**Task prompt**
While reading the listing below, count how many lines hold the word "Components", and answer with the number only.
Content starts
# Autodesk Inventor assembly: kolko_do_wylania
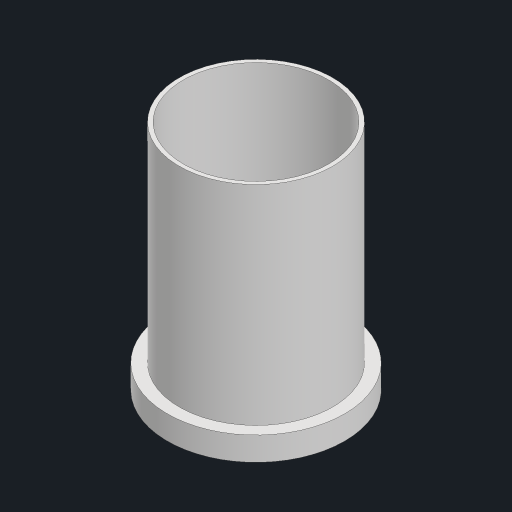
[picture p0: Inventor's stored thumbnail of the model, 512x512]
Saved by Autodesk Inventor 2023 (Build 270158000, 158)
## iProperties
Created: 2024-06-30
Part Number: kolko_do_wylania
Document SubType Name: Assembly
Designer: szymo
Author: szymo
## Documents named in this file (3)
- D:\roboilo\robots\codename wafel - australia\3d_parts\rev4\not_in_robot_parts\kolko_do_wylania_zlozenie.iam
- D:\roboilo\robots\codename wafel - australia\3d_parts\rev4\not_in_robot_parts\formaDoWylaniaSrodek.iam
- D:\roboilo\robots\codename wafel - australia\3d_parts\rev4\not_in_robot_parts\dol_do_wylania.ipt
## Components (2 placed, 2 different names)
1. formaDoWylaniaSrodek:1 [sub-assembly] — Flush:1
2. dol_do_wylania:1 — Flush:1
## Relationships (1: Flush 1)
- Flush:1: formaDoWylaniaSrodek:1 ↔ dol_do_wylania:1
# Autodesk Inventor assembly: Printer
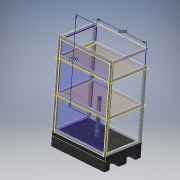
[picture p0: Inventor's stored thumbnail of the model, 180x180]
Saved by Autodesk Inventor 2016 (Build 200138000, 138)
## iProperties
Created: 2015-07-31
Part Number: Printer
Document SubType Name: Assembly
Designer: myhome
Author: myhome
## Documents named in this file (5)
- C:\Users\myhome\Documents\Inventor\Printer\Printer.iam
- C:\Users\myhome\Documents\Inventor\Printer\EpoxyGraniteBase\Base.iam
- C:\Users\myhome\Documents\Inventor\Printer\LinearActuator\RS-170435-1.iam
- C:\Users\myhome\Documents\Inventor\Printer\FrameExtruded\Frame.iam
- Printer.iam
## Components (3 placed, 3 different names)
1. Base:1 [sub-assembly] — Planar:1, Rigid:1
2. RS-170435-1:1 [sub-assembly] — Planar:1
3. Printer:1 [sub-assembly] — Rigid:1
## Relationships (2: PlanarJoint 1, WeldJoint 1)
- Planar:1: Base:1 ↔ RS-170435-1:1
- Rigid:1 [WeldJoint]: Base:1 ↔ Printer:1
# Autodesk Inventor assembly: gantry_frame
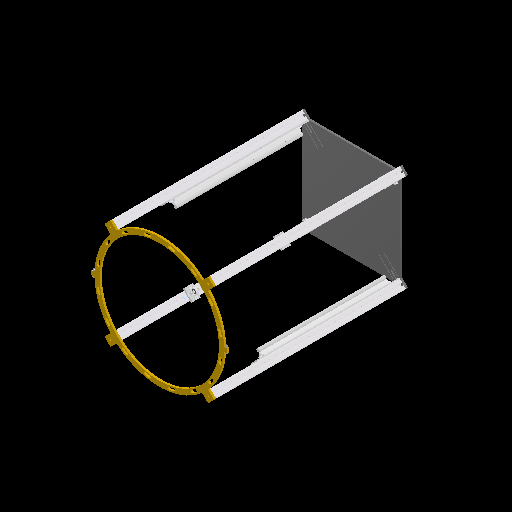
[picture p0: Inventor's stored thumbnail of the model, 512x512]
Saved by Autodesk Inventor 2026.1 (Build 301233000, 233)
## iProperties
Created: 2025-09-18
Part Number: gantry_frame
Document SubType Name: Assembly
Designer: drago
Author: drago
## Documents named in this file (6)
- C:\Users\drago\Desktop\_QIST4500_Multidisciplinary_Team_Project\Proteox MX magnet positioner CAD\gantry_frame\gantry_frame.iam
- C:\Users\drago\Desktop\_QIST4500_Multidisciplinary_Team_Project\Proteox MX magnet positioner CAD\gantry_frame\square_bar.ipt
- C:\Users\drago\Desktop\_QIST4500_Multidisciplinary_Team_Project\Proteox MX magnet positioner CAD\gantry_frame\base_plate.ipt
- C:\Users\drago\Desktop\_QIST4500_Multidisciplinary_Team_Project\Proteox MX magnet positioner CAD\z_rail\z_rail.iam
- C:\Users\drago\Desktop\_QIST4500_Multidisciplinary_Team_Project\Proteox MX magnet positioner CAD\z_translator\z_translator.iam
- C:\Users\drago\Desktop\_QIST4500_Multidisciplinary_Team_Project\Proteox MX magnet positioner CAD\gantry_frame\full_ring.iam
## Components (10 placed, 5 different names)
1. full_ring:1 [sub-assembly] — Mate:60, Mate:61, Mate:62
2. base_plate:1 — Mate:45, Angle:2, Mate:46, Mate:47, Mate:48, Mate:49, Mate:52, Mate:53, Mate:54, Mate:55, Mate:58, Mate:59
3. z_rail:1 [sub-assembly] — Mate:48, Mate:50, Mate:53
4. z_rail:2 [sub-assembly] — Mate:49, Mate:51, Mate:52
5. z_translator:1 [sub-assembly] — Mate:54, Mate:56, Mate:59
6. z_translator:2 [sub-assembly] — Mate:55, Mate:57, Mate:58
7. square_bar:1 — Angle:1, Mate:46, Mate:47, Mate:51
8. square_bar:2 — Mate:56
9. square_bar:3 — Mate:50, Mate:62
10. square_bar:4 — Mate:57
## Component patterns: (4 elements, first: square_bar:1)
## Relationships (20: Mate 18, Angle 2)
- Angle:1 (45 deg): square_bar:1
- Mate:45: base_plate:1
- Angle:2 (45 deg): base_plate:1
- Mate:46: base_plate:1 ↔ square_bar:1
- Mate:47: base_plate:1 ↔ square_bar:1
- Mate:48: base_plate:1 ↔ z_rail:1
- Mate:49: base_plate:1 ↔ z_rail:2
- Mate:50: z_rail:1 ↔ square_bar:3
- Mate:51: z_rail:2 ↔ square_bar:1
- Mate:52: base_plate:1 ↔ z_rail:2
- Mate:53: base_plate:1 ↔ z_rail:1
- Mate:54: base_plate:1 ↔ z_translator:1
- Mate:55: base_plate:1 ↔ z_translator:2
- Mate:56: z_translator:1 ↔ square_bar:2
- Mate:57: z_translator:2 ↔ square_bar:4
- Mate:58: base_plate:1 ↔ z_translator:2
- Mate:59: base_plate:1 ↔ z_translator:1
- Mate:60: full_ring:1
- Mate:61: full_ring:1
- Mate:62: full_ring:1 ↔ square_bar:3
Content ends
**Response**
3